Фаста Бенж задумчиво греб домой. Он отлично провел эти несколько дней. Встретил множество новых людей и продал довольно много рыбы. Птанг-Птанг со своими прислужниками лично обратился к нему, взяв обещание никогда не развязывать войны в месте, о котором он никогда и не слышал. Он согласился. (В языке племени Фасты Бенжа нет эквивалента слову «война», потому что воевать им не с кем, а жизнь и так достаточно сложна. Слова Птанг-Птанга дошли как: «Помнишь, как Пача Мож ударил своего дядю большим камнем? Что-то в этом роде, только много хуже».) Какие-то новые люди показали ему удивительный способ делать молнию. Бьешь по этому камню этим твердым куском, и получаешь маленькие кусочки молнии, которые падают на сухую штуковину, которая становится красной и горячей, как солнце. Если положить туда еще дерева, она становится больше, и если положить на нее рыбу, она чернеет, но если действовать быстро, она становится не черной, а коричневой и на вкус – лучшее из всего, что он когда-либо пробовал, хотя это и не сложно. И еще ему дали несколько ножей, сделанных не из камня и одежду, сделанную не из тростника, и, в общем и целом, жизнь улыбалась Фасте Бенжу и его племени. Он, правда, не совсем понял, почему вдруг множество людей может захотеть ударить дядю Пачи Можа большими камнями, но это действительно ускорило темп технического прогресса.
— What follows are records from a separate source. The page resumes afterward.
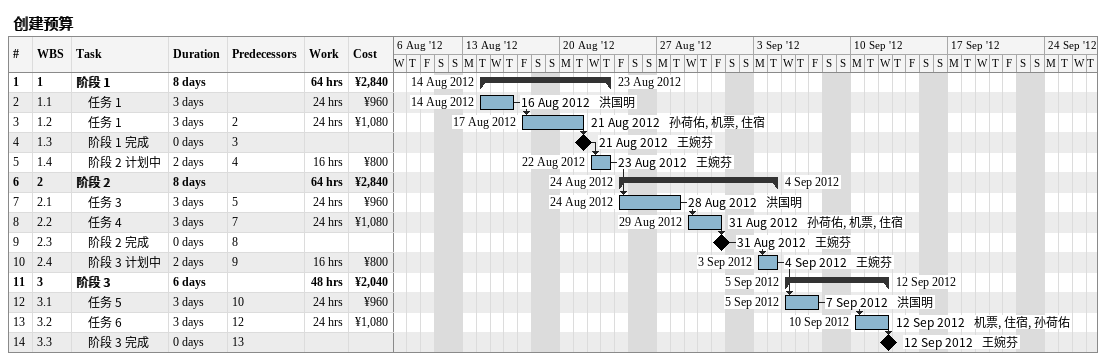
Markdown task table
创建预算

| ID | WBS | Task | Duration | Start | Finish | Predecessors | Resources | Work (h) | Cost (¥) |
|---|---|---|---|---|---|---|---|---|---|
| 1 | 1 | **阶段 1** | 8d | 2012-08-14 | 2012-08-23 |  |  | 64 | 2840 |
| 2 | 1.1 | 任务 1 | 3d | 2012-08-14 | 2012-08-16 |  | 洪国明 | 24 | 960 |
| 3 | 1.2 | 任务 1 | 3d | 2012-08-17 | 2012-08-21 | 2 | 孙荷佑, 机票, 住宿 | 24 | 1080 |
| 4 | 1.3 | 阶段 1 完成 | 0d | 2012-08-21 | 2012-08-21 | 3 | 王婉芬 |  |  |
| 5 | 1.4 | 阶段 2 计划中 | 2d | 2012-08-22 | 2012-08-23 | 4 | 王婉芬 | 16 | 800 |
| 6 | 2 | **阶段 2** | 8d | 2012-08-24 | 2012-09-04 |  |  | 64 | 2840 |
| 7 | 2.1 | 任务 3 | 3d | 2012-08-24 | 2012-08-28 | 5 | 洪国明 | 24 | 960 |
| 8 | 2.2 | 任务 4 | 3d | 2012-08-29 | 2012-08-31 | 7 | 孙荷佑, 机票, 住宿 | 24 | 1080 |
| 9 | 2.3 | 阶段 2 完成 | 0d | 2012-08-31 | 2012-08-31 | 8 | 王婉芬 |  |  |
| 10 | 2.4 | 阶段 3 计划中 | 2d | 2012-09-03 | 2012-09-04 | 9 | 王婉芬 | 16 | 800 |
| 11 | 3 | **阶段 3** | 6d | 2012-09-05 | 2012-09-12 |  |  | 48 | 2040 |
| 12 | 3.1 | 任务 5 | 3d | 2012-09-05 | 2012-09-07 | 10 | 洪国明 | 24 | 960 |
| 13 | 3.2 | 任务 6 | 3d | 2012-09-10 | 2012-09-12 | 12 | 机票, 住宿, 孙荷佑 | 24 | 1080 |
| 14 | 3.3 | 阶段 3 完成 | 0d | 2012-09-12 | 2012-09-12 | 13 | 王婉芬 |  |  |

Никто, даже Брута, не заметил, что вокруг больше нет старого Лу-Цзе. Быть незаметным, не важно, есть ты, или тебя нет, – это часть обязанностей исторического монаха. На самом деле, он упаковал свою щетку и босай-горы и ушел по тайным тоннелям и потайным тропам в потаенную долину в центральных горах, где его ждал аббат. Аббат играл в шахматы в длинной галерее, с которой открывался вид на всю долину. В садах били фонтаны, ласточки влетали и вылетали из окон.